×
Değerli âlim Muhammed Salih el-Muneccid’in cevapladığı sorunun metni şöyledir: " Rasûlullah -sallallahu aleyhi ve sellem-’in doğum gününü (Mevlid-i Nebevî) kutlamak, çocukların doğum günlerini kutlamak, anneler gününü kutlamak, ağaç haftasını kutlamak ve millî günleri (kurtuluş bayramını) kutlamak gibi birtakım bayramları kutlamanın dînî hükmü nedir?"
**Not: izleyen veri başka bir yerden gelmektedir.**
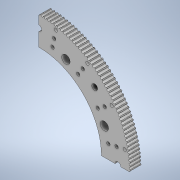
# Autodesk Inventor part: 152ToothBase
Saved by Autodesk Inventor 2020 (Build 240168000, 168)
## iProperties
Created: 2020-01-19
Part Number: 152ToothBase
Material: Generic
Document SubType Name: Modeling
Designer: srini
Density: 1 g/cm^3
Appearance: Default
Author: srini
Autodesk Inventor part; units mm, degrees
ref_plane "YZ Plane" through (0, 0, 0) normal (1, 0, 0) x (0, 1, 0)
ref_plane "XZ Plane" through (0, 0, 0) normal (0, 1, 0) x (-1, 0, 0)
ref_plane "XY Plane" through (0, 0, 0) normal (0, 0, 1) x (1, 0, 0)
sketch "Sketch1" plane through (0, 0, 0) normal (0, 0, 1) x (1, 0, 0)
  circle A0 centre (0, 0) radius 139.485
  dimension "d0" = 278.97
  constraints: 1 centre point, 1 coincident
  measures "d0" diameter of A0
extrude "Extrusion1" add sketch "Sketch1" along normal blind 16
sketch "Sketch2" plane through (0, 0, 16) normal (0, 0, 1) x (1, 0, 0)
  arc A0 (-1.543, 138.9452) -> (1.543, 138.9452) centre (0, 138.9452) ccw
  line L0 (-2.0752, 139.4696) -> (-2.0752, 141.0997)
  line L1 (-2.0752, 141.0997) -> (2.0752, 141.0997)
  line L2 (2.0752, 141.0997) -> (2.0752, 139.4696)
  circle A1 centre (0, 0) radius 139.485 construction
  arc A2 (-1.543, 138.9452) -> (-2.0752, 139.4696) centre (-2.0674, 138.9452) ccw
  arc A3 (2.0752, 139.4696) -> (1.543, 138.9452) centre (2.0674, 138.9452) ccw
  dimension "d3" = 1.543
  dimension "d47" = 2.0828
  constraints: 8 point on circle, 6 end point, 3 centre point, 3 tangent, 2 horizontal alignment, 2 vertical, 1 equal radius, 1 perpendicular, 1 vertical alignment
  measures "d3" radius of A0
extrude "Extrusion2" cut sketch "Sketch2" against normal through all
pattern_circular "Circular Pattern1" count 176 over 360 about axis through (0, 0, 0) along (0, 0, 1) of "Extrusion2"
sketch "Sketch3" plane through (0, 0, 16) normal (0, 0, 1) x (1, 0, 0)
  circle A0 centre (21.06, 105.8758) radius 2.5797
  line L0 (21.06, 105.8758) -> (3.1113, 15.6417) construction
  circle A1 centre (23.5376, 118.3317) radius 2.5797
  circle A2 centre (26.0153, 130.7877) radius 2.5797
  circle A3 centre (-21.06, 105.8758) radius 2.5797
  circle A4 centre (-23.5376, 118.3317) radius 2.5797
  circle A5 centre (-26.0153, 130.7877) radius 2.5797
  circle A6 centre (-59.9738, 89.7571) radius 2.5797
  circle A7 centre (-67.0295, 100.3168) radius 2.5797
  circle A8 centre (-74.0853, 110.8765) radius 2.5797
  circle A9 centre (-89.7571, 59.9738) radius 2.5797
  circle A10 centre (-100.3168, 67.0295) radius 2.5797
  circle A11 centre (-110.8765, 74.0853) radius 2.5797
  circle A12 centre (-105.8758, 21.06) radius 2.5797
  circle A13 centre (-118.3317, 23.5376) radius 2.5797
  circle A14 centre (-130.7877, 26.0153) radius 2.5797
  circle A15 centre (-105.8758, -21.06) radius 2.5797
  circle A16 centre (-118.3317, -23.5376) radius 2.5797
  circle A17 centre (-130.7877, -26.0153) radius 2.5797
  circle A18 centre (-89.7571, -59.9738) radius 2.5797
  circle A19 centre (-100.3168, -67.0295) radius 2.5797
  circle A20 centre (-110.8765, -74.0853) radius 2.5797
  circle A21 centre (-59.9738, -89.7571) radius 2.5797
  circle A22 centre (-67.0295, -100.3168) radius 2.5797
  circle A23 centre (-74.0853, -110.8765) radius 2.5797
  circle A24 centre (-21.06, -105.8758) radius 2.5797
  circle A25 centre (-23.5376, -118.3317) radius 2.5797
  circle A26 centre (-26.0153, -130.7877) radius 2.5797
  circle A27 centre (21.06, -105.8758) radius 2.5797
  circle A28 centre (23.5376, -118.3317) radius 2.5797
  circle A29 centre (26.0153, -130.7877) radius 2.5797
  circle A30 centre (59.9738, -89.7571) radius 2.5797
  circle A31 centre (67.0295, -100.3168) radius 2.5797
  circle A32 centre (74.0853, -110.8765) radius 2.5797
  circle A33 centre (89.7571, -59.9738) radius 2.5797
  circle A34 centre (100.3168, -67.0295) radius 2.5797
  circle A35 centre (110.8765, -74.0853) radius 2.5797
  circle A36 centre (105.8758, -21.06) radius 2.5797
  circle A37 centre (118.3317, -23.5376) radius 2.5797
  circle A38 centre (130.7877, -26.0153) radius 2.5797
  circle A39 centre (105.8758, 21.06) radius 2.5797
  circle A40 centre (118.3317, 23.5376) radius 2.5797
  circle A41 centre (130.7877, 26.0153) radius 2.5797
  circle A42 centre (89.7571, 59.9738) radius 2.5797
  circle A43 centre (100.3168, 67.0295) radius 2.5797
  circle A44 centre (110.8765, 74.0853) radius 2.5797
  circle A45 centre (59.9738, 89.7571) radius 2.5797
  circle A46 centre (67.0295, 100.3168) radius 2.5797
  circle A47 centre (74.0853, 110.8765) radius 2.5797
  circle A48 centre (41.3107, 99.7328) radius 6.35
  line L1 (41.3107, 99.7328) -> (0, 0) construction
  circle A49 centre (-41.3107, 99.7328) radius 6.35
  circle A50 centre (-99.7328, 41.3107) radius 6.35
  circle A51 centre (-99.7328, -41.3107) radius 6.35
  circle A52 centre (-41.3107, -99.7328) radius 6.35
  circle A53 centre (41.3107, -99.7328) radius 6.35
  circle A54 centre (99.7328, -41.3107) radius 6.35
  circle A55 centre (99.7328, 41.3107) radius 6.35
  circle A56 centre (0, 120.269) radius 4.445
  line L2 (0, 120.269) -> (0, 0)
  circle A57 centre (-85.043, 85.043) radius 4.445
  circle A58 centre (-120.269, 0) radius 4.445
  circle A59 centre (-85.043, -85.043) radius 4.445
  circle A60 centre (0, -120.269) radius 4.445
  circle A61 centre (85.043, -85.043) radius 4.445
  circle A62 centre (120.269, 0) radius 4.445
  circle A63 centre (85.043, 85.043) radius 4.445
  line L3 (0, 0) -> (0, 87.7314)
  dimension "d10" = 5.1594
  dimension "d11" = 107.95
  dimension "d14" = 12.7
  dimension "d21" = 360
  dimension "d23" = 12.7
  dimension "d24" = 107.95
  dimension "d25" = 11.25
  dimension "d28" = 360
  dimension "d30" = 120.269
  dimension "d31" = 8.89
  dimension "d33" = 11.25
  dimension "d36" = 360
  dimension "d38" = 11.25
  constraints: 64 centre point, 8 end point, 1 point on line, 1 vertical, 136 other
  measures "d10" diameter of A0
  measures "d11" distance of L1.end L0.start
  measures "d14" distance of L0.start A1.centre
  measures "d23" diameter of A48
  measures "d24" distance of L1.start L1.end
  measures "d25" angle of L1 L0
  measures "d30" distance of L2.start L1.end
  measures "d31" diameter of A56
  measures "d33" angle of L0 L2
  measures "d38" angle of L0 L3
extrude "Extrusion3" cut sketch "Sketch3" against normal through all
sketch "Sketch4" plane through (0, 0, 16) normal (0, 0, 1) x (1, 0, 0)
  circle A0 centre (0, 0) radius 95.25
  dimension "d41" = 190.5
  constraints: 1 centre point, 1 coincident
  measures "d41" diameter of A0
extrude "Extrusion4" cut sketch "Sketch4" against normal through all
sketch "Sketch5" plane through (0, 0, 16) normal (0, 0, 1) x (1, 0, 0)
  line L0 (-193.3483, 162.6718) -> (0, 162.6718)
  line L1 (0, 162.6718) -> (0, 0)
  line L2 (0, 0) -> (-193.3483, 0)
  line L3 (-193.3483, 0) -> (-193.3483, 162.6718)
  line L4 (-193.3483, 0) -> (223.1607, 0)
  line L5 (223.1607, 0) -> (223.1607, -164.8322)
  line L6 (223.1607, -164.8322) -> (-193.3483, -164.8322)
  line L7 (-193.3483, -164.8322) -> (-193.3483, 0)
  constraints: 16 end point, 4 parallel, 2 horizontal, 2 perpendicular
extrude "Extrusion5" cut sketch "Sketch5" against normal through all
sketch "Sketch6" plane through (0, 124.714, 16) normal (-1, 0, 0) x (0, 0, 1)
  line L0 (-28.362, 20.4376) -> (11.0164, 20.4376)
  line L1 (11.0164, 20.4376) -> (11.0164, -44.4017)
  line L2 (11.0164, -44.4017) -> (-28.362, -44.4017)
  line L3 (-28.362, -44.4017) -> (-28.362, 20.4376)
  point P0 (-16, -124.714)
  constraints: 8 end point, 2 parallel, 1 horizontal, 1 perpendicular
extrude "Extrusion6" cut sketch "Sketch6" against normal blind 0.25
body "Solid1"

 Bid'at olan bayramları kutlamanın hükmü

] Türkçe – Turkish – تركي [

İlmî Araştırmalar ve Dâimî Fetvâ Komitesi

Terceme : Muhammed Şahin

Tetkik : Ali Rıza Şahin

2014 - 1436

 ﴿ حكم الاحتفال بالأعياد المبتدعة ﴾

« باللغة التركية »

اللجنة الدائمة للبحوث العلمية والإفتاء

ترجمة: محمد مسلم شاهين

مراجعة: علي رضا شاهين

2014 - 1436

Soru:

Rasûlullah -sallallahu aleyhi ve sellem-'in doğum gününü (Mevlid-i Nebevî) kutlamak, çocukların doğum günlerini kutlamak, anneler gününü kutlamak, ağaç haftasını kutlamak ve millî günleri (kurtuluş bayramını) kutlamak gibi birtakım bayramları kutlamanın dînî hükmü nedir?

Cevap:

Hamd, yalnızca Allah'adır.

Birincisi:

Bayram; insanların, alışılagelmiş bir şekilde yılda veya ayda veyahut da haftada tekrar edip gelmesiyle belirli bir zamanda toplanma ve biraraya gelme anlamını ifâde eder.Bu sebeple bayram, birçok şeyi biraraya getirir ki, bunlardan bazıları şunlardır:

- Bayram, yılda bir defa tekrar eden Ramazan bayramı gibi, haftada bir defa tekrar eden Cuma günü gibi tekrar eden gündür.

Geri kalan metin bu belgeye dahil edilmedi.